*** Block opens ***

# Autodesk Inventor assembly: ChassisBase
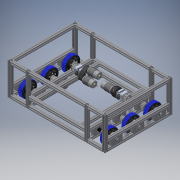
[picture p0: Inventor's stored thumbnail of the model, 180x180]
Saved by Autodesk Inventor 2018 (Build 220112000, 112)
## iProperties
Created: 2017-09-03
Part Number: ChassisBase
Document SubType Name: Assembly
Designer: snipe
Author: snipe
## Documents named in this file (14)
- E:\Clark\Assets\ClarkBodyV2.iam
- E:\Clark\Assets\pro20in.ipt
- E:\Clark\Assets\BearingBlock.ipt
- E:\Clark\Assets\DriveShaftA.iam
- E:\Clark\Assets\SideShaftA.iam
- E:\Clark\Assets\SideShaftB.iam
- E:\Clark\Assets\pro35mm.ipt
- E:\Clark\Assets\Profile_BaseModel_20mm\Profile_BaseModel_20mm-02.ipt
- E:\Clark\Assets\Profile_BaseModel_20mm.ipt
- E:\Clark\Assets\Profile_BaseModel_20mm\Profile_BaseModel_20mm-03.ipt
- E:\Clark\Assets\Profile_BaseModel_20mm\Profile_BaseModel_20mm-05.ipt
- E:\Clark\Assets\VPlan775dualinput.iam
- E:\Clark\Assets\24tPulley15mm.ipt
- E:\Clark\Assets\ShaftCollar.ipt
## Components (66 placed, 23 different names)
1. VPlan775dualinput:1 [sub-assembly] — Mate:169, Flush:176, Mate:172, Mate:178, Mate:179
2. VPlan775dualinput:2 [sub-assembly] — Mate:168, Flush:175, Mate:173, Mate:176, Mate:177
3. 24tPulley15mm:1 — Flush:177, Flush:178, Mate:176, Mate:177, Flush:184
4. ShaftCollar:1 — Flush:177, Flush:178
5. 24tPulley15mm:2 — Flush:182, Flush:183, Mate:178, Mate:179, Flush:185
6. ShaftCollar:2 — Flush:182, Flush:183
7. Profile_BaseModel_20mm-05:14 — Mate:142, Flush:135, Flush:136
8. Profile_BaseModel_20mm-05:13 — Mate:143, Flush:137, Flush:138
9. Profile_BaseModel_20mm-05:12 — Mate:137, Flush:129, Flush:130, Flush:131
10. Profile_BaseModel_20mm-05:11 — Mate:136, Flush:126, Flush:127, Flush:132
11. Profile_BaseModel_20mm-03:10 — Mate:133, Flush:120, Mate:134, Flush:121, Flush:122, Flush:123
12. Profile_BaseModel_20mm-03:9 — Mate:135, Flush:124, Flush:125
13. pro20in:1 — Mate:31, Flush:19, Mate:32, Mate:33, Flush:20, Flush:21, Mate:46, Flush:24, Mate:47, Flush:25, Mate:128, Flush:110, Flush:111, Mate:129, Flush:112, Flush:113
14. pro20in:2 — Mate:9, Flush:9, Mate:11, Flush:10, Flush:11, Mate:20, Flush:15, Mate:55, Flush:40, Mate:58, Flush:47, Mate:125, Flush:104, Flush:105, Flush:118, Mate:132, Flush:119
15. pro20in:3 — Flush:16, Mate:28, Flush:17, Mate:29, Flush:18, Mate:30, Mate:50, Flush:30, Mate:51, Flush:32, Mate:127, Flush:108, Flush:109, Mate:130, Flush:114, Flush:115
16. pro20in:4 — Mate:15, Mate:16, Flush:12, Flush:13, Flush:14, Mate:19, Flush:15, Mate:56, Flush:42, Mate:57, Flush:45, Mate:126, Flush:106, Flush:107, Mate:131, Flush:116, Flush:117
17. SideShaftA:1 [sub-assembly] — Mate:21, Mate:22, Mate:27, Mate:145, Mate:147, Mate:149
18. DriveShaftA:1 [sub-assembly] — Mate:23, Mate:24, Mate:140, Mate:147, Mate:148, Flush:149, Mate:173, Flush:184
19. SideShaftB:1 [sub-assembly] — Mate:25, Mate:26, Mate:141, Mate:148
20. SideShaftB:2 [sub-assembly] — Mate:88, Mate:93, Mate:144, Mate:149
21. DriveShaftA:2 [sub-assembly] — Mate:85, Mate:92, Mate:139, Mate:146, Flush:149, Mate:172, Flush:185
22. SideShaftA:2 [sub-assembly] — Mate:86, Mate:87, Mate:90, Mate:91, Mate:146
23. RightBack — Mate:11, Flush:11, Mate:141, Flush:143
24. RightCenter — Flush:10, Mate:20, Mate:140, Flush:144
25. RightFront — Mate:9, Flush:9, Mate:27, Mate:145, Flush:145, Mate:157
26. RightBack2 — Mate:16, Flush:14, Mate:17, Mate:25, Mate:26, Flush:141, Flush:143
27. RightCenter2 — Flush:12, Mate:17, Mate:18, Mate:19, Mate:23, Mate:24, Flush:140, Flush:144
28. RightFront2 — Mate:15, Flush:13, Mate:18, Mate:21, Mate:22, Flush:139, Flush:142, Flush:145, Mate:156
29. LeftBack — Mate:32, Flush:21, Symmetry:5, Mate:86, Mate:87, Mate:89, Flush:148
30. LeftCenter — Mate:31, Flush:19, Mate:35, Symmetry:5, Symmetry:6, Mate:85, Mate:89, Mate:92, Flush:147
31. LeftFront — Mate:33, Flush:20, Mate:35, Symmetry:6, Mate:88, Mate:93, Flush:146
32. LeftBack2 — Flush:18, Mate:30, Mate:90, Mate:91, Flush:141, Flush:148
33. LeftCenter2 — Flush:17, Mate:29, Mate:139, Flush:140, Flush:147
34. LeftFront2 — Flush:16, Mate:28, Flush:139, Mate:144, Flush:142, Flush:146
35. pro35mm:13 — Mate:47, Flush:25, Flush:33, Flush:44, Flush:46, Mate:154
36. pro35mm:14 — Mate:46, Flush:24, Flush:31, Flush:41, Flush:43
37. pro35mm:15 — Mate:56, Flush:42, Flush:43
38. pro35mm:16 — Flush:44, Mate:57, Flush:45
39. pro35mm:17 — Mate:58, Flush:46, Flush:47
40. pro35mm:18 — Mate:55, Flush:40, Flush:41
41. pro35mm:11 — Mate:50, Flush:30, Flush:31
42. pro35mm:12 — Mate:51, Flush:32, Flush:33, Mate:155
43. pro20in:9 — Mate:166, Flush:173, Mate:169, Flush:176, Mate:170
44. pro20in:10 — Mate:167, Flush:174, Mate:168, Flush:175, Mate:171
45. Profile_BaseModel_20mm-03:17 — Mate:165, Flush:166, Flush:167, Mate:166, Mate:167, Flush:174
46. Profile_BaseModel_20mm-03:18 — Mate:164, Flush:160, Flush:161
47. pro20in:5 — Mate:150, Flush:153, Mate:157
48. pro20in:6 — Mate:151, Flush:152, Mate:156, Flush:166, Mate:171
49. pro20in:7 — Mate:152, Flush:151, Mate:155, Flush:161, Flush:173, Mate:170
50. pro20in:8 — Mate:153, Flush:150, Mate:154
51. Profile_BaseModel_20mm-02:1 — Mate:125, Flush:104, Flush:105, Flush:132, Mate:138, Flush:133, Flush:134, Mate:182, Mate:183
52. Profile_BaseModel_20mm-02:2 — Mate:126, Flush:106, Flush:107, Mate:134, Flush:121, Flush:122, Mate:136, Flush:126, Flush:127, Mate:161, Flush:162, Flush:172
53. Profile_BaseModel_20mm-02:3 — Mate:127, Flush:108, Flush:109, Mate:133, Flush:120, Flush:123, Flush:131, Symmetry:7, Mate:158, Flush:154, Flush:155, Mate:164, Flush:158, Flush:160
54. Profile_BaseModel_20mm-02:4 — Mate:128, Flush:110, Flush:111, Mate:137, Flush:129, Flush:130, Mate:160, Flush:169
55. Profile_BaseModel_20mm-02:5 — Mate:129, Flush:112, Flush:113, Flush:138, Mate:153, Flush:150, Mate:163, Flush:170, Mate:180, Flush:186, Flush:187
56. Profile_BaseModel_20mm-02:6 — Mate:130, Flush:114, Flush:115, Mate:135, Flush:124, Flush:125, Mate:143, Flush:137, Symmetry:7, Mate:152, Flush:151, Mate:159, Flush:156, Flush:157, Mate:165, Flush:168
57. Profile_BaseModel_20mm-02:7 — Mate:131, Flush:116, Flush:117, Mate:142, Flush:135, Flush:136, Mate:151, Flush:152, Mate:162, Flush:165, Flush:167, Flush:171
58. Profile_BaseModel_20mm-02:8 — Flush:118, Mate:132, Flush:119, Mate:150, Flush:153, Mate:181, Flush:188, Flush:189
59. pro20in:11 — Mate:180, Flush:186, Flush:187
60. pro20in:12 — Mate:181, Flush:188, Flush:189, Mate:182, Mate:183
61. Profile_BaseModel_20mm-03:15 — Mate:158, Flush:154, Flush:155
62. Profile_BaseModel_20mm-03:16 — Mate:159, Flush:156, Flush:157
63. Profile_BaseModel_20mm-05:19 — Mate:160, Flush:158, Flush:169
64. Profile_BaseModel_20mm-05:20 — Mate:162, Flush:165, Flush:171
65. Profile_BaseModel_20mm-05:21 — Mate:161, Flush:162, Flush:172
66. Profile_BaseModel_20mm-05:22 — Mate:163, Flush:168, Flush:170
## Relationships (207: Flush 106, Mate 98, Symmetry 3)
- Mate:9: pro20in:2 ↔ RightFront
- Flush:9: pro20in:2 ↔ RightFront
- Mate:11: pro20in:2 ↔ RightBack
- Flush:10: pro20in:2 ↔ RightCenter
- Flush:11: pro20in:2 ↔ RightBack
- Mate:15: pro20in:4 ↔ RightFront2
- Mate:16: pro20in:4 ↔ RightBack2
- Flush:12: pro20in:4 ↔ RightCenter2
- Flush:13: pro20in:4 ↔ RightFront2
- Flush:14: pro20in:4 ↔ RightBack2
- Mate:17 (-147.447 mm): RightBack2 ↔ RightCenter2
- Mate:18 (147.447 mm): RightCenter2 ↔ RightFront2
- Mate:19: pro20in:4 ↔ RightCenter2
- Mate:20: pro20in:2 ↔ RightCenter
- Mate:21: SideShaftA:1 ↔ RightFront2
- Mate:22: SideShaftA:1 ↔ RightFront2
- Mate:23: DriveShaftA:1 ↔ RightCenter2
- Mate:24: DriveShaftA:1 ↔ RightCenter2
- Mate:25: SideShaftB:1 ↔ RightBack2
- Mate:26: SideShaftB:1 ↔ RightBack2
- Mate:27: SideShaftA:1 ↔ RightFront
- Flush:15: pro20in:2 ↔ pro20in:4
- Flush:16: pro20in:3 ↔ LeftFront2
- Mate:28: pro20in:3 ↔ LeftFront2
- Flush:17: pro20in:3 ↔ LeftCenter2
- Mate:29: pro20in:3 ↔ LeftCenter2
- Flush:18: pro20in:3 ↔ LeftBack2
- Mate:30: pro20in:3 ↔ LeftBack2
- Mate:31: pro20in:1 ↔ LeftCenter
- Flush:19: pro20in:1 ↔ LeftCenter
- Mate:32: pro20in:1 ↔ LeftBack
- Mate:33: pro20in:1 ↔ LeftFront
- Flush:20: pro20in:1 ↔ LeftFront
- Flush:21: pro20in:1 ↔ LeftBack
- Mate:35 (147.447 mm): LeftCenter ↔ LeftFront
- Mate:46: pro20in:1 ↔ pro35mm:14
- Flush:24: pro20in:1 ↔ pro35mm:14
- Symmetry:5: LeftBack ↔ LeftCenter
- Mate:47: pro20in:1 ↔ pro35mm:13
- Flush:25: pro20in:1 ↔ pro35mm:13
- Symmetry:6: LeftCenter ↔ LeftFront
- Mate:50: pro20in:3 ↔ pro35mm:11
- Flush:30: pro20in:3 ↔ pro35mm:11
- Flush:31: pro35mm:14 ↔ pro35mm:11
- Mate:51: pro20in:3 ↔ pro35mm:12
- Flush:32: pro20in:3 ↔ pro35mm:12
- Flush:33: pro35mm:13 ↔ pro35mm:12
- Mate:55: pro20in:2 ↔ pro35mm:18
- Flush:40: pro20in:2 ↔ pro35mm:18
- Flush:41: pro35mm:14 ↔ pro35mm:18
- Mate:56: pro20in:4 ↔ pro35mm:15
- Flush:42: pro20in:4 ↔ pro35mm:15
- Flush:43: pro35mm:14 ↔ pro35mm:15
- Flush:44: pro35mm:13 ↔ pro35mm:16
- Mate:57: pro20in:4 ↔ pro35mm:16
- Flush:45: pro20in:4 ↔ pro35mm:16
- Mate:58: pro20in:2 ↔ pro35mm:17
- Flush:46: pro35mm:13 ↔ pro35mm:17
- Flush:47: pro20in:2 ↔ pro35mm:17
- Mate:85: DriveShaftA:2 ↔ LeftCenter
- Mate:86: SideShaftA:2 ↔ LeftBack
- Mate:87: SideShaftA:2 ↔ LeftBack
- Mate:88: SideShaftB:2 ↔ LeftFront
- Mate:89 (147.447 mm): LeftBack ↔ LeftCenter
- Mate:90: SideShaftA:2 ↔ LeftBack2
- Mate:91: SideShaftA:2 ↔ LeftBack2
- Mate:92: DriveShaftA:2 ↔ LeftCenter
- Mate:93: SideShaftB:2 ↔ LeftFront
- Mate:125: pro20in:2 ↔ Profile_BaseModel_20mm-02:1
- Flush:104: pro20in:2 ↔ Profile_BaseModel_20mm-02:1
- Flush:105: pro20in:2 ↔ Profile_BaseModel_20mm-02:1
- Mate:126: pro20in:4 ↔ Profile_BaseModel_20mm-02:2
- Flush:106: pro20in:4 ↔ Profile_BaseModel_20mm-02:2
- Flush:107: pro20in:4 ↔ Profile_BaseModel_20mm-02:2
- Mate:127: pro20in:3 ↔ Profile_BaseModel_20mm-02:3
- Flush:108: pro20in:3 ↔ Profile_BaseModel_20mm-02:3
- Flush:109: pro20in:3 ↔ Profile_BaseModel_20mm-02:3
- Mate:128: pro20in:1 ↔ Profile_BaseModel_20mm-02:4
- Flush:110: pro20in:1 ↔ Profile_BaseModel_20mm-02:4
- Flush:111: pro20in:1 ↔ Profile_BaseModel_20mm-02:4
- Mate:129: pro20in:1 ↔ Profile_BaseModel_20mm-02:5
- Flush:112: pro20in:1 ↔ Profile_BaseModel_20mm-02:5
- Flush:113: pro20in:1 ↔ Profile_BaseModel_20mm-02:5
- Mate:130: pro20in:3 ↔ Profile_BaseModel_20mm-02:6
- Flush:114: pro20in:3 ↔ Profile_BaseModel_20mm-02:6
- Flush:115: pro20in:3 ↔ Profile_BaseModel_20mm-02:6
- Mate:131: pro20in:4 ↔ Profile_BaseModel_20mm-02:7
- Flush:116: pro20in:4 ↔ Profile_BaseModel_20mm-02:7
- Flush:117: pro20in:4 ↔ Profile_BaseModel_20mm-02:7
- Flush:118: pro20in:2 ↔ Profile_BaseModel_20mm-02:8
- Mate:132: pro20in:2 ↔ Profile_BaseModel_20mm-02:8
- Flush:119: pro20in:2 ↔ Profile_BaseModel_20mm-02:8
- Mate:133: Profile_BaseModel_20mm-03:10 ↔ Profile_BaseModel_20mm-02:3
- Flush:120: Profile_BaseModel_20mm-03:10 ↔ Profile_BaseModel_20mm-02:3
- Mate:134: Profile_BaseModel_20mm-03:10 ↔ Profile_BaseModel_20mm-02:2
- Flush:121: Profile_BaseModel_20mm-03:10 ↔ Profile_BaseModel_20mm-02:2
- Flush:122: Profile_BaseModel_20mm-03:10 ↔ Profile_BaseModel_20mm-02:2
- Flush:123: Profile_BaseModel_20mm-03:10 ↔ Profile_BaseModel_20mm-02:3
- Mate:135: Profile_BaseModel_20mm-03:9 ↔ Profile_BaseModel_20mm-02:6
- Flush:124: Profile_BaseModel_20mm-03:9 ↔ Profile_BaseModel_20mm-02:6
- Flush:125: Profile_BaseModel_20mm-03:9 ↔ Profile_BaseModel_20mm-02:6
- Mate:136: Profile_BaseModel_20mm-05:11 ↔ Profile_BaseModel_20mm-02:2
- Flush:126: Profile_BaseModel_20mm-05:11 ↔ Profile_BaseModel_20mm-02:2
- Flush:127: Profile_BaseModel_20mm-05:11 ↔ Profile_BaseModel_20mm-02:2
- Mate:137: Profile_BaseModel_20mm-05:12 ↔ Profile_BaseModel_20mm-02:4
- Flush:129: Profile_BaseModel_20mm-05:12 ↔ Profile_BaseModel_20mm-02:4
- Flush:130: Profile_BaseModel_20mm-05:12 ↔ Profile_BaseModel_20mm-02:4
- Flush:131: Profile_BaseModel_20mm-05:12 ↔ Profile_BaseModel_20mm-02:3
- Flush:132: Profile_BaseModel_20mm-05:11 ↔ Profile_BaseModel_20mm-02:1
- Mate:138: Profile_BaseModel_20mm-02:1
- Flush:133: Profile_BaseModel_20mm-02:1
- Flush:134: Profile_BaseModel_20mm-02:1
- Mate:139: DriveShaftA:2 ↔ LeftCenter2
- Mate:140: DriveShaftA:1 ↔ RightCenter
- Mate:141: SideShaftB:1 ↔ RightBack
- Mate:142: Profile_BaseModel_20mm-05:14 ↔ Profile_BaseModel_20mm-02:7
- Flush:135: Profile_BaseModel_20mm-05:14 ↔ Profile_BaseModel_20mm-02:7
- Flush:136: Profile_BaseModel_20mm-05:14 ↔ Profile_BaseModel_20mm-02:7
- Mate:143: Profile_BaseModel_20mm-05:13 ↔ Profile_BaseModel_20mm-02:6
- Flush:137: Profile_BaseModel_20mm-05:13 ↔ Profile_BaseModel_20mm-02:6
- Flush:138: Profile_BaseModel_20mm-05:13 ↔ Profile_BaseModel_20mm-02:5
- Flush:139: RightFront2 ↔ LeftFront2
- Symmetry:7: Profile_BaseModel_20mm-02:3 ↔ Profile_BaseModel_20mm-02:6
- Mate:144: SideShaftB:2 ↔ LeftFront2
- Mate:145: SideShaftA:1 ↔ RightFront
- Flush:140: RightCenter2 ↔ LeftCenter2
- Flush:141: RightBack2 ↔ LeftBack2
- Flush:142: RightFront2 ↔ LeftFront2
- Flush:143: RightBack ↔ RightBack2
- Flush:144: RightCenter ↔ RightCenter2
- Flush:145: RightFront ↔ RightFront2
- Flush:146: LeftFront ↔ LeftFront2
- Flush:147: LeftCenter ↔ LeftCenter2
- Flush:148: LeftBack ↔ LeftBack2
- Mate:146: DriveShaftA:2 ↔ SideShaftA:2
- Mate:147: SideShaftA:1 ↔ DriveShaftA:1
- Mate:148: DriveShaftA:1 ↔ SideShaftB:1
- Flush:149: DriveShaftA:1 ↔ DriveShaftA:2
- Mate:149: SideShaftA:1 ↔ SideShaftB:2
- Mate:150: pro20in:5 ↔ Profile_BaseModel_20mm-02:8
- Mate:151: pro20in:6 ↔ Profile_BaseModel_20mm-02:7
- Mate:152: pro20in:7 ↔ Profile_BaseModel_20mm-02:6
- Mate:153: pro20in:8 ↔ Profile_BaseModel_20mm-02:5
- Flush:150: pro20in:8 ↔ Profile_BaseModel_20mm-02:5
- Flush:151: pro20in:7 ↔ Profile_BaseModel_20mm-02:6
- Flush:152: pro20in:6 ↔ Profile_BaseModel_20mm-02:7
- Flush:153: pro20in:5 ↔ Profile_BaseModel_20mm-02:8
- Mate:154: pro35mm:13 ↔ pro20in:8
- Mate:155: pro35mm:12 ↔ pro20in:7
- Mate:156: RightFront2 ↔ pro20in:6
- Mate:157: RightFront ↔ pro20in:5
- Mate:158: Profile_BaseModel_20mm-02:3 ↔ Profile_BaseModel_20mm-03:15
- Flush:154: Profile_BaseModel_20mm-02:3 ↔ Profile_BaseModel_20mm-03:15
- Flush:155: Profile_BaseModel_20mm-02:3 ↔ Profile_BaseModel_20mm-03:15
- Mate:159: Profile_BaseModel_20mm-02:6 ↔ Profile_BaseModel_20mm-03:16
- Flush:156: Profile_BaseModel_20mm-02:6 ↔ Profile_BaseModel_20mm-03:16
- Flush:157: Profile_BaseModel_20mm-02:6 ↔ Profile_BaseModel_20mm-03:16
- Mate:160: Profile_BaseModel_20mm-02:4 ↔ Profile_BaseModel_20mm-05:19
- Mate:161: Profile_BaseModel_20mm-02:2 ↔ Profile_BaseModel_20mm-05:21
- Mate:162: Profile_BaseModel_20mm-02:7 ↔ Profile_BaseModel_20mm-05:20
- Mate:163: Profile_BaseModel_20mm-02:5 ↔ Profile_BaseModel_20mm-05:22
- Mate:164: Profile_BaseModel_20mm-03:18 ↔ Profile_BaseModel_20mm-02:3
- Mate:165: Profile_BaseModel_20mm-03:17 ↔ Profile_BaseModel_20mm-02:6
- Flush:158: Profile_BaseModel_20mm-02:3 ↔ Profile_BaseModel_20mm-05:19
- Flush:160: Profile_BaseModel_20mm-03:18 ↔ Profile_BaseModel_20mm-02:3
- Flush:161: Profile_BaseModel_20mm-03:18 ↔ pro20in:7
- Flush:162: Profile_BaseModel_20mm-02:2 ↔ Profile_BaseModel_20mm-05:21
- Flush:165: Profile_BaseModel_20mm-02:7 ↔ Profile_BaseModel_20mm-05:20
- Flush:166: Profile_BaseModel_20mm-03:17 ↔ pro20in:6
- Flush:167: Profile_BaseModel_20mm-03:17 ↔ Profile_BaseModel_20mm-02:7
- Flush:168: Profile_BaseModel_20mm-02:6 ↔ Profile_BaseModel_20mm-05:22
- Flush:169: Profile_BaseModel_20mm-02:4 ↔ Profile_BaseModel_20mm-05:19
- Flush:170: Profile_BaseModel_20mm-02:5 ↔ Profile_BaseModel_20mm-05:22
- Flush:171: Profile_BaseModel_20mm-02:7 ↔ Profile_BaseModel_20mm-05:20
- Flush:172: Profile_BaseModel_20mm-02:2 ↔ Profile_BaseModel_20mm-05:21
- Mate:166: pro20in:9 ↔ Profile_BaseModel_20mm-03:17
- Flush:173: pro20in:9 ↔ pro20in:7
- Mate:167: pro20in:10 ↔ Profile_BaseModel_20mm-03:17
- Flush:174: pro20in:10 ↔ Profile_BaseModel_20mm-03:17
- Mate:168: VPlan775dualinput:2 ↔ pro20in:10
- Flush:175: VPlan775dualinput:2 ↔ pro20in:10
- Mate:169: VPlan775dualinput:1 ↔ pro20in:9
- Flush:176: VPlan775dualinput:1 ↔ pro20in:9
- Mate:170 (26.9875 mm): pro20in:9 ↔ pro20in:7
- Mate:171 (26.9875 mm): pro20in:10 ↔ pro20in:6
- Mate:172 (97.409 mm): VPlan775dualinput:1 ↔ DriveShaftA:2
- Mate:173 (97.409 mm): VPlan775dualinput:2 ↔ DriveShaftA:1
- [Mate]: 24tPulley15mm:1 ↔ ShaftCollar:1
- [Mate]: 24tPulley15mm:2 ↔ ShaftCollar:2
- Flush:177: 24tPulley15mm:1 ↔ ShaftCollar:1
- Flush:178: 24tPulley15mm:1 ↔ ShaftCollar:1
- Mate:176: VPlan775dualinput:2 ↔ 24tPulley15mm:1
- Mate:177: VPlan775dualinput:2 ↔ 24tPulley15mm:1
- Flush:182: 24tPulley15mm:2 ↔ ShaftCollar:2
- Flush:183: 24tPulley15mm:2 ↔ ShaftCollar:2
- Mate:178: VPlan775dualinput:1 ↔ 24tPulley15mm:2
- Mate:179: VPlan775dualinput:1 ↔ 24tPulley15mm:2
- Flush:184: 24tPulley15mm:1 ↔ DriveShaftA:1
- Flush:185: 24tPulley15mm:2 ↔ DriveShaftA:2
- Mate:180: Profile_BaseModel_20mm-02:5 ↔ pro20in:11
- Flush:186: Profile_BaseModel_20mm-02:5 ↔ pro20in:11
- Flush:187: Profile_BaseModel_20mm-02:5 ↔ pro20in:11
- Mate:181: Profile_BaseModel_20mm-02:8 ↔ pro20in:12
- Flush:188: Profile_BaseModel_20mm-02:8 ↔ pro20in:12
- Flush:189: Profile_BaseModel_20mm-02:8 ↔ pro20in:12
- Mate:182: Profile_BaseModel_20mm-02:1 ↔ pro20in:12
- Mate:183: Profile_BaseModel_20mm-02:1 ↔ pro20in:12
## Named parameters: d478_d283 = 0 mm

*** Block closes ***

* **Problem to work on**:
Everything in the material above from the line that has "64. Profile_BaseModel_20mm-05:20 —" through the line that has "- Mate:19: pro20in:4 ↔ RightCenter2" must be duplicated exactly, with no other lines given.

* **Your solution**:
64. Profile_BaseModel_20mm-05:20 — Mate:162, Flush:165, Flush:171
65. Profile_BaseModel_20mm-05:21 — Mate:161, Flush:162, Flush:172
66. Profile_BaseModel_20mm-05:22 — Mate:163, Flush:168, Flush:170
## Relationships (207: Flush 106, Mate 98, Symmetry 3)
- Mate:9: pro20in:2 ↔ RightFront
- Flush:9: pro20in:2 ↔ RightFront
- Mate:11: pro20in:2 ↔ RightBack
- Flush:10: pro20in:2 ↔ RightCenter
- Flush:11: pro20in:2 ↔ RightBack
- Mate:15: pro20in:4 ↔ RightFront2
- Mate:16: pro20in:4 ↔ RightBack2
- Flush:12: pro20in:4 ↔ RightCenter2
- Flush:13: pro20in:4 ↔ RightFront2
- Flush:14: pro20in:4 ↔ RightBack2
- Mate:17 (-147.447 mm): RightBack2 ↔ RightCenter2
- Mate:18 (147.447 mm): RightCenter2 ↔ RightFront2
- Mate:19: pro20in:4 ↔ RightCenter2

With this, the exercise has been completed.